Meeting up at Lesmahagow High School between 7 and 8pm on Tuesdays, ladies aged between 32 and 73 are coached for free by Douglas-based Hazel Pringle, who also coaches Kirkfield United girls’ team.
In addition, a squad of 12 Three Valleys women play in a four-round Walking Football Scotland League at Ravenscraig Regional Sports Facility in Motherwell between May and October, featuring competing teams from across Scotland playing 15-minute, six-a-side matches.
"Most of these women who have joined up had never played football before,” said club treasurer Desmond Middleton, 54.
"The ones who take part have been saying that playing is improving their mental health and social interaction, much needed since the start of Covid-19.
"Most of the players are from the Lesmahagow area but we have some that come from afar as Motherwell and Biggar.
"There’s not many opportunities for women to play walking football in Lanarkshire. We are the only team in Lanarkshire.”
If you would like to get involved with the Three Valleys Women team, contact Moira Baxter on 07576 992227.
Men wishing to get involved in the sport locally can take inspiration from Middleton, who plays for the Glenbuck and Douglas Football Academy walking football team which has been going since February 2021. They meet outdoors on Sundays, on the 3G surface at Douglas Primary School between 11am and 12 noon on Sundays.
On Saturday, June 11, Middleton and his team-mates took part in the Walking Football Scottish Cup, which was contested by over 50 teams in different categories. Glenbuck recorded two wins, a draw and a loss.
At the same event, Three Valleys women participated in the female over-40 event.
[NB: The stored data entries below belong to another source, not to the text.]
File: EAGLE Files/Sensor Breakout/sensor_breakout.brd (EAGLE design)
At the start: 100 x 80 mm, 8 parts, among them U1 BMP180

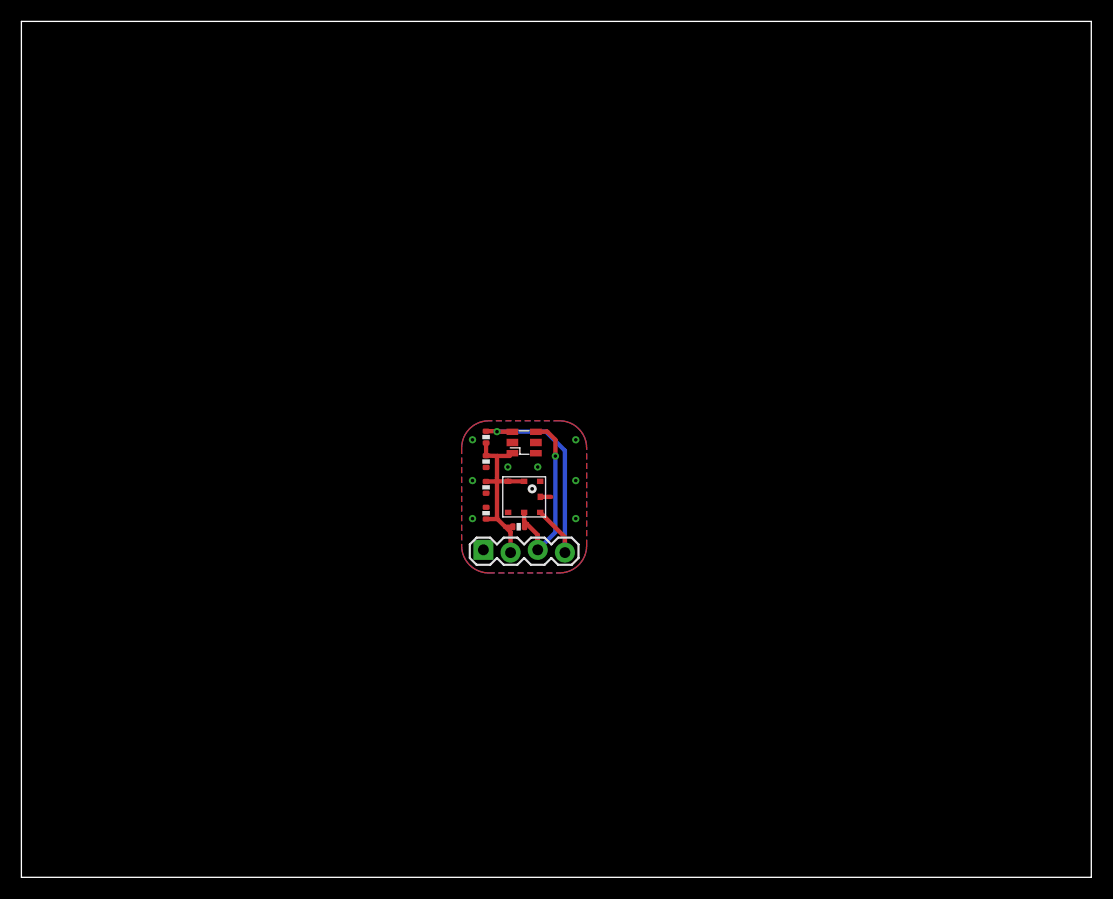
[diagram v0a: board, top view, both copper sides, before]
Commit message: Forgot to adjust physical outline of the board. Fixed and board is now really uploaded to CircuitGraphics.
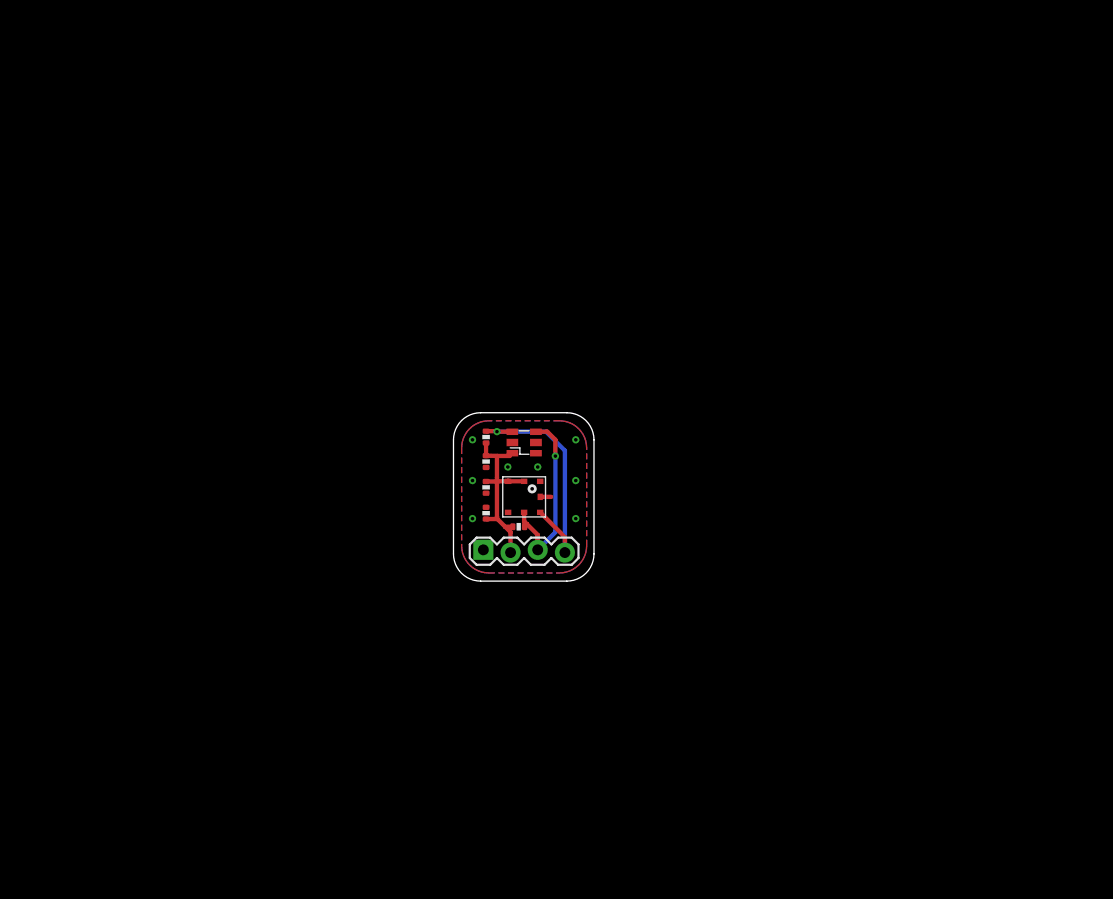
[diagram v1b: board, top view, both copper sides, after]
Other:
- board size 100 x 80 mm -> 13.1 x 15.7 mm
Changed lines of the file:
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@@
 <board>
 <plain>
-<wire x1="0" y1="0" x2="100" y2="0" width="0" layer="20"/>
-<wire x1="100" y1="0" x2="100" y2="80" width="0" layer="20"/>
-<wire x1="100" y1="80" x2="0" y2="80" width="0" layer="20"/>
-<wire x1="0" y1="80" x2="0" y2="0" width="0" layer="20"/>
+<wire x1="40.386" y1="40.884" x2="40.386" y2="30.226" width="0" layer="20"/>
+<wire x1="40.386" y1="30.226" x2="42.926" y2="27.686" width="0" layer="20" curve="90"/>
+<wire x1="42.926" y1="27.686" x2="50.978" y2="27.686" width="0" layer="20"/>
+<wire x1="50.978" y1="27.686" x2="53.518" y2="30.226" width="0" layer="20" curve="90"/>
+<wire x1="53.518" y1="30.226" x2="53.518" y2="40.884" width="0" layer="20"/>
+<wire x1="53.518" y1="40.884" x2="50.978" y2="43.424" width="0" layer="20" curve="90"/>
+<wire x1="50.978" y1="43.424" x2="42.926" y2="43.424" width="0" layer="20"/>
+<wire x1="42.926" y1="43.424" x2="40.386" y2="40.884" width="0" layer="20" curve="90"/>
 <wire x1="46.228" y1="33.528" x2="46.228" y2="34.798" width="0.254" layer="41"/>
 <wire x1="46.228" y1="34.798" x2="47.752" y2="34.798" width="0.254" layer="41"/>

To get involved with Glenbuck, call Kevin Robertson on 07853 943975.
"An enjoyable thing about walking football is that anybody can play,” Middleton said.
"And unlike normal football, because it's slower you can talk at the same time. It’s very sociable.”
Usually officiated by SFA referees, basic rules for walking football matches in Scotland include players conceding a free-kick if they run; if they do this three times a penalty is conceded.
No high balls are allowed and it’s non contact, although players are allowed to challenge for a 50/50 ball from the front.
If an individual player touches the ball more than three times they are penalised, with a free-kick awarded to the opposition.
Outfield players can’t legally enter the goalkeeper’s defensive zone, with the keepers not allowed to exit these areas. There are kick-ins instead of throw-ins.